Some instructors teach you to bring your forehead to your shin, but I often find that students will hunch their upper bodies to try to do this. Instead, think of your heart touching your knee, and don’t worry how close to accomplishing that you actually are. Keep your shoulders away from your ears as you bend forward, and relax your neck. Hold for at least 15 breaths and give your nervous system time to calm down. After a few deep breaths, you’ll notice your front leg starting to straighten more and more. That’s great, but don’t thrust it back; let your breathing dictate how straight it goes. If the pain in the back of your leg becomes sharp, unlike the duller pain of stretching, bend your knee more so that you don’t risk tearing your hamstring. Repeat on the other side.

Yoga for Runners Pose No. 2: Janu Sirsasana (Head-to-knee Forward Bend)
Why you should try it:
This is my favorite seated posture. You are not only opening up your hamstring, but also working an external rotation of your other leg, stretching the inside of your thigh.
How to do it:

  1. Stretch both your legs in front of you while you are seated, and bring your left foot near your groin by bending your knee.
  2. Place your heel into your inner right thigh and allow the leg to fall open. If your left knee does not come to the ground, consider using a yoga block or a blanket to help prop it up so that your inner left thigh is not shaking the entire time.
  3. Turn your chest over your right knee and, just like in the last pose, lengthen your heart toward your knee. If you let your head lead, you will inevitably round your upper back. Again, don’t worry about how far you get down; just close your eyes and breathe.

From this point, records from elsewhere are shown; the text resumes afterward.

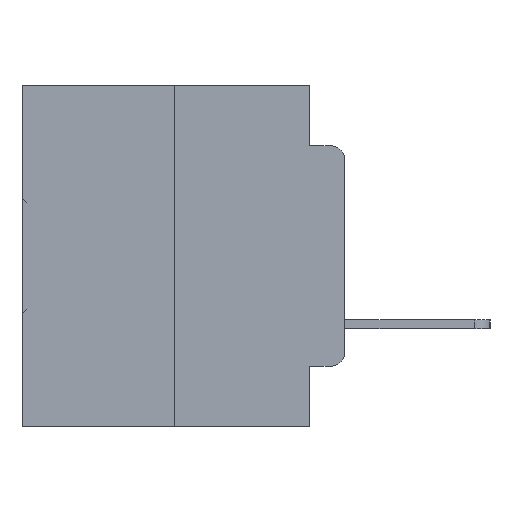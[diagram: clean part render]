
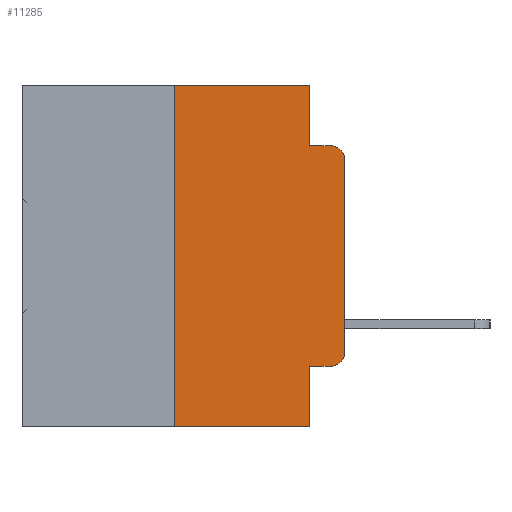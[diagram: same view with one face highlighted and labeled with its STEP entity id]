
A CAD part, left-side view. The second image highlights one B-rep face of the part: STEP entity #11285.
In plain terms, the highlighted planar face has unit normal (-1, 0, 0).
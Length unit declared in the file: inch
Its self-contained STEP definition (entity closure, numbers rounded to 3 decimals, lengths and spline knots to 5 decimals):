
#361 = ORIENTED_EDGE ( 'NONE', *, *, #1601, .F. ) ;
#563 = LINE ( 'NONE', #9354, #14780 ) ;
#819 = EDGE_CURVE ( 'NONE', #1945, #3433, #21607, .T. ) ;
#1034 = EDGE_CURVE ( 'NONE', #19495, #1432, #10415, .T. ) ;
#1432 = VERTEX_POINT ( 'NONE', #14730 ) ;
#1601 = EDGE_CURVE ( 'NONE', #3023, #9306, #14296, .T. ) ;
#1721 = ORIENTED_EDGE ( 'NONE', *, *, #4507, .F. ) ;
#1945 = VERTEX_POINT ( 'NONE', #17935 ) ;
#2360 = DIRECTION ( 'NONE',  ( 0., 0., -1. ) ) ;
#3023 = VERTEX_POINT ( 'NONE', #15230 ) ;
#3433 = VERTEX_POINT ( 'NONE', #30194 ) ;
#3732 = PLANE ( 'NONE',  #27382 ) ;
#4284 = DIRECTION ( 'NONE',  ( 0., -1., 0. ) ) ;
#4507 = EDGE_CURVE ( 'NONE', #1432, #3023, #7591, .T. ) ;
#4677 = EDGE_CURVE ( 'NONE', #1945, #15391, #12441, .T. ) ;
#4767 = VECTOR ( 'NONE', #4284, 39.37008 ) ;
#5169 = CIRCLE ( 'NONE', #24765, 0.02 ) ;
#5280 = CARTESIAN_POINT ( 'NONE',  ( 0., 0.473, 0. ) ) ;
#6507 = DIRECTION ( 'NONE',  ( 1., 0., 0. ) ) ;
#6727 = VERTEX_POINT ( 'NONE', #6832 ) ;
#6832 = CARTESIAN_POINT ( 'NONE',  ( 0., 0., -0.1085 ) ) ;
#7591 = LINE ( 'NONE', #5280, #20413 ) ;
#7931 = DIRECTION ( 'NONE',  ( 0., -1., 0. ) ) ;
#9306 = VERTEX_POINT ( 'NONE', #15198 ) ;
#9354 = CARTESIAN_POINT ( 'NONE',  ( 0., 0., 0. ) ) ;
#9604 = CARTESIAN_POINT ( 'NONE',  ( 0., 0.02, -0.3915 ) ) ;
#9693 = LINE ( 'NONE', #28552, #29025 ) ;
#9875 = VERTEX_POINT ( 'NONE', #10450 ) ;
#10415 = LINE ( 'NONE', #16819, #16546 ) ;
#10450 = CARTESIAN_POINT ( 'NONE',  ( 0., 0., -0.3915 ) ) ;
#10580 = DIRECTION ( 'NONE',  ( 0., 0., -1. ) ) ;
#10961 = DIRECTION ( 'NONE',  ( 0., -1., 0. ) ) ;
#11285 = ADVANCED_FACE ( 'NONE', ( #14634 ), #3732, .F. ) ;
#11453 = EDGE_CURVE ( 'NONE', #9306, #14674, #9693, .T. ) ;
#12220 = DIRECTION ( 'NONE',  ( 0., 0., -1. ) ) ;
#12441 = LINE ( 'NONE', #16809, #25071 ) ;
#13444 = VECTOR ( 'NONE', #10580, 39.37008 ) ;
#13806 = CARTESIAN_POINT ( 'NONE',  ( 0., 0.473, 0. ) ) ;
#14182 = EDGE_CURVE ( 'NONE', #9875, #6727, #563, .T. ) ;
#14296 = LINE ( 'NONE', #33004, #13444 ) ;
#14634 = FACE_OUTER_BOUND ( 'NONE', #26899, .T. ) ;
#14674 = VERTEX_POINT ( 'NONE', #29886 ) ;
#14727 = DIRECTION ( 'NONE',  ( 0., -1., 0. ) ) ;
#14730 = CARTESIAN_POINT ( 'NONE',  ( 0., 0.25, 0. ) ) ;
#14780 = VECTOR ( 'NONE', #24565, 39.37008 ) ;
#15198 = CARTESIAN_POINT ( 'NONE',  ( 0., 0.051, -0.0885 ) ) ;
#15230 = CARTESIAN_POINT ( 'NONE',  ( 0., 0.051, 0. ) ) ;
#15391 = VERTEX_POINT ( 'NONE', #27824 ) ;
#16546 = VECTOR ( 'NONE', #18777, 39.37008 ) ;
#16809 = CARTESIAN_POINT ( 'NONE',  ( 0., 0.051, 0. ) ) ;
#16819 = CARTESIAN_POINT ( 'NONE',  ( 0., 0.25, 0. ) ) ;
#17055 = EDGE_CURVE ( 'NONE', #19495, #15391, #30967, .T. ) ;
#17480 = AXIS2_PLACEMENT_3D ( 'NONE', #32906, #18168, #2360 ) ;
#17935 = CARTESIAN_POINT ( 'NONE',  ( 0., 0.051, -0.4115 ) ) ;
#18168 = DIRECTION ( 'NONE',  ( -1., 0., 0. ) ) ;
#18777 = DIRECTION ( 'NONE',  ( 0., 0., 1. ) ) ;
#19151 = ORIENTED_EDGE ( 'NONE', *, *, #11453, .F. ) ;
#19283 = DIRECTION ( 'NONE',  ( 0., 0., -1. ) ) ;
#19495 = VERTEX_POINT ( 'NONE', #29749 ) ;
#19832 = CARTESIAN_POINT ( 'NONE',  ( 0., 0.473, -0.5 ) ) ;
#20413 = VECTOR ( 'NONE', #7931, 39.37008 ) ;
#20563 = ORIENTED_EDGE ( 'NONE', *, *, #819, .T. ) ;
#20808 = VECTOR ( 'NONE', #14727, 39.37008 ) ;
#21006 = EDGE_CURVE ( 'NONE', #6727, #14674, #28845, .T. ) ;
#21161 = ORIENTED_EDGE ( 'NONE', *, *, #21006, .T. ) ;
#21607 = LINE ( 'NONE', #23206, #20808 ) ;
#23206 = CARTESIAN_POINT ( 'NONE',  ( 0., 0.051, -0.4115 ) ) ;
#24333 = DIRECTION ( 'NONE',  ( 0., 0., -1. ) ) ;
#24565 = DIRECTION ( 'NONE',  ( 0., 0., 1. ) ) ;
#24678 = EDGE_CURVE ( 'NONE', #3433, #9875, #5169, .T. ) ;
#24765 = AXIS2_PLACEMENT_3D ( 'NONE', #9604, #27270, #12220 ) ;
#25071 = VECTOR ( 'NONE', #19283, 39.37008 ) ;
#25306 = ORIENTED_EDGE ( 'NONE', *, *, #24678, .T. ) ;
#25459 = ORIENTED_EDGE ( 'NONE', *, *, #17055, .T. ) ;
#25636 = ORIENTED_EDGE ( 'NONE', *, *, #1034, .F. ) ;
#26899 = EDGE_LOOP ( 'NONE', ( #28018, #21161, #19151, #361, #1721, #25636, #25459, #27468, #20563, #25306 ) ) ;
#27270 = DIRECTION ( 'NONE',  ( -1., 0., 0. ) ) ;
#27382 = AXIS2_PLACEMENT_3D ( 'NONE', #13806, #6507, #24333 ) ;
#27468 = ORIENTED_EDGE ( 'NONE', *, *, #4677, .F. ) ;
#27824 = CARTESIAN_POINT ( 'NONE',  ( 0., 0.051, -0.5 ) ) ;
#28018 = ORIENTED_EDGE ( 'NONE', *, *, #14182, .T. ) ;
#28552 = CARTESIAN_POINT ( 'NONE',  ( 0., 0.051, -0.0885 ) ) ;
#28845 = CIRCLE ( 'NONE', #17480, 0.02 ) ;
#29025 = VECTOR ( 'NONE', #10961, 39.37008 ) ;
#29749 = CARTESIAN_POINT ( 'NONE',  ( 0., 0.25, -0.5 ) ) ;
#29886 = CARTESIAN_POINT ( 'NONE',  ( 0., 0.02, -0.0885 ) ) ;
#30194 = CARTESIAN_POINT ( 'NONE',  ( 0., 0.02, -0.4115 ) ) ;
#30967 = LINE ( 'NONE', #19832, #4767 ) ;
#32906 = CARTESIAN_POINT ( 'NONE',  ( 0., 0.02, -0.1085 ) ) ;
#33004 = CARTESIAN_POINT ( 'NONE',  ( 0., 0.051, 0. ) ) ;
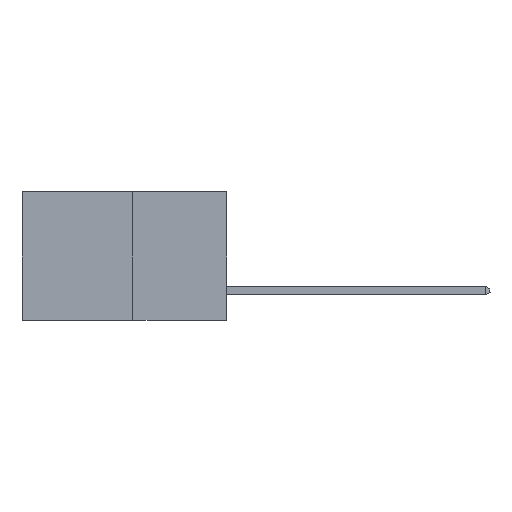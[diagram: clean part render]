
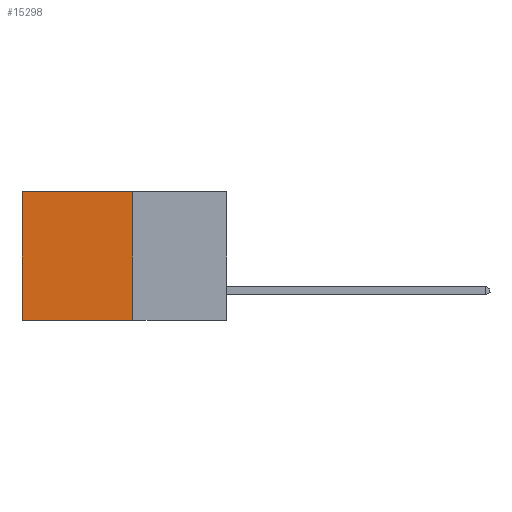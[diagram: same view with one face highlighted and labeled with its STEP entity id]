
A CAD part, left-side view. The second image highlights one B-rep face of the part: STEP entity #15298.
In plain terms, the highlighted planar face has unit normal (-1, 0, 0).
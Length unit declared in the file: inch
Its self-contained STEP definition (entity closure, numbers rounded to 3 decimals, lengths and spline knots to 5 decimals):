
#188 = PLANE ( 'NONE',  #2504 ) ;
#231 = EDGE_CURVE ( 'NONE', #6389, #4999, #1612, .T. ) ;
#1132 = CARTESIAN_POINT ( 'NONE',  ( 0.277, 0.27, 0. ) ) ;
#1253 = FACE_OUTER_BOUND ( 'NONE', #10717, .T. ) ;
#1406 = VERTEX_POINT ( 'NONE', #10725 ) ;
#1426 = DIRECTION ( 'NONE',  ( 1., 0., 0. ) ) ;
#1456 = CARTESIAN_POINT ( 'NONE',  ( 0.277, 0.27, -0.37 ) ) ;
#1612 = LINE ( 'NONE', #1456, #13888 ) ;
#2504 = AXIS2_PLACEMENT_3D ( 'NONE', #7448, #1426, #9842 ) ;
#3638 = ORIENTED_EDGE ( 'NONE', *, *, #6714, .T. ) ;
#3990 = CARTESIAN_POINT ( 'NONE',  ( 0.277, 0.59, -0.37 ) ) ;
#4036 = ORIENTED_EDGE ( 'NONE', *, *, #14391, .T. ) ;
#4301 = DIRECTION ( 'NONE',  ( 0., 0., -1. ) ) ;
#4371 = VECTOR ( 'NONE', #8796, 39.37008 ) ;
#4519 = CARTESIAN_POINT ( 'NONE',  ( 0.277, 0.59, -0.37 ) ) ;
#4746 = LINE ( 'NONE', #4996, #11070 ) ;
#4996 = CARTESIAN_POINT ( 'NONE',  ( 0.277, 0.27, -0.37 ) ) ;
#4999 = VERTEX_POINT ( 'NONE', #6724 ) ;
#6019 = EDGE_CURVE ( 'NONE', #4999, #8859, #4746, .T. ) ;
#6389 = VERTEX_POINT ( 'NONE', #6847 ) ;
#6714 = EDGE_CURVE ( 'NONE', #1406, #8859, #13779, .T. ) ;
#6724 = CARTESIAN_POINT ( 'NONE',  ( 0.277, 0.27, -0.37 ) ) ;
#6826 = ORIENTED_EDGE ( 'NONE', *, *, #6019, .F. ) ;
#6847 = CARTESIAN_POINT ( 'NONE',  ( 0.277, 0.27, 0. ) ) ;
#7081 = DIRECTION ( 'NONE',  ( 0., 1., 0. ) ) ;
#7448 = CARTESIAN_POINT ( 'NONE',  ( 0.277, 0.27, -0.37 ) ) ;
#8456 = LINE ( 'NONE', #1132, #12327 ) ;
#8796 = DIRECTION ( 'NONE',  ( 0., 0., -1. ) ) ;
#8859 = VERTEX_POINT ( 'NONE', #4519 ) ;
#9546 = DIRECTION ( 'NONE',  ( 0., 1., 0. ) ) ;
#9842 = DIRECTION ( 'NONE',  ( 0., 0., -1. ) ) ;
#10717 = EDGE_LOOP ( 'NONE', ( #3638, #6826, #13080, #4036 ) ) ;
#10725 = CARTESIAN_POINT ( 'NONE',  ( 0.277, 0.59, 0. ) ) ;
#11070 = VECTOR ( 'NONE', #7081, 39.37008 ) ;
#12327 = VECTOR ( 'NONE', #9546, 39.37008 ) ;
#13080 = ORIENTED_EDGE ( 'NONE', *, *, #231, .F. ) ;
#13779 = LINE ( 'NONE', #3990, #4371 ) ;
#13888 = VECTOR ( 'NONE', #4301, 39.37008 ) ;
#14391 = EDGE_CURVE ( 'NONE', #6389, #1406, #8456, .T. ) ;
#15298 = ADVANCED_FACE ( 'NONE', ( #1253 ), #188, .F. ) ;

Alternately, you can place a yoga strap around your right foot and draw your arms back and heart forward to intensify the stretch. Keep your right foot in flexion the entire time so that your leg is engaged and you’re targeting the heart of that hamstring. Stay there for at least 15 breaths, come up slowly and switch legs.

Yoga for Runners Pose No. 3: Bhujangasana (Cobra Pose)
Why you should try it:
This is perhaps the most fundamental backbend in yoga, and one of the most powerful. Our shoulders take a lot of the impact when we run, so this is a great way to keep them loose and open.
How to do it:

  1. Start lying on your stomach and bend your elbows so that your thumbs line up with the center of your chest.
  2. Keep your head on the ground and start to draw your elbows together behind your back, keeping your hands on the ground.
  3. From there, begin to lift your chest by moving your heart forward and slowly straightening your arms.
  4. Only begin to slightly look up once your heart is as far forward as it can go.

This posture is all about the shoulders, but I often see students crane their necks skyward while tensing their shoulders. A great way to check to see if you’re doing this is to slightly look down and then lift your hands an inch or two off the ground. This will tell you that you’re using your shoulder strength and not your arms. Don’t fully straighten your arms in a Cobra, and always keep your pelvis on the ground. Firmly press the tops of your feet into the mat or carpet to protect your lower back. If you feel this pose in your back, you’ve pushed yourself up too high; come down a little and breathe. Take at least five breaths, come down slowly, and repeat four to six times.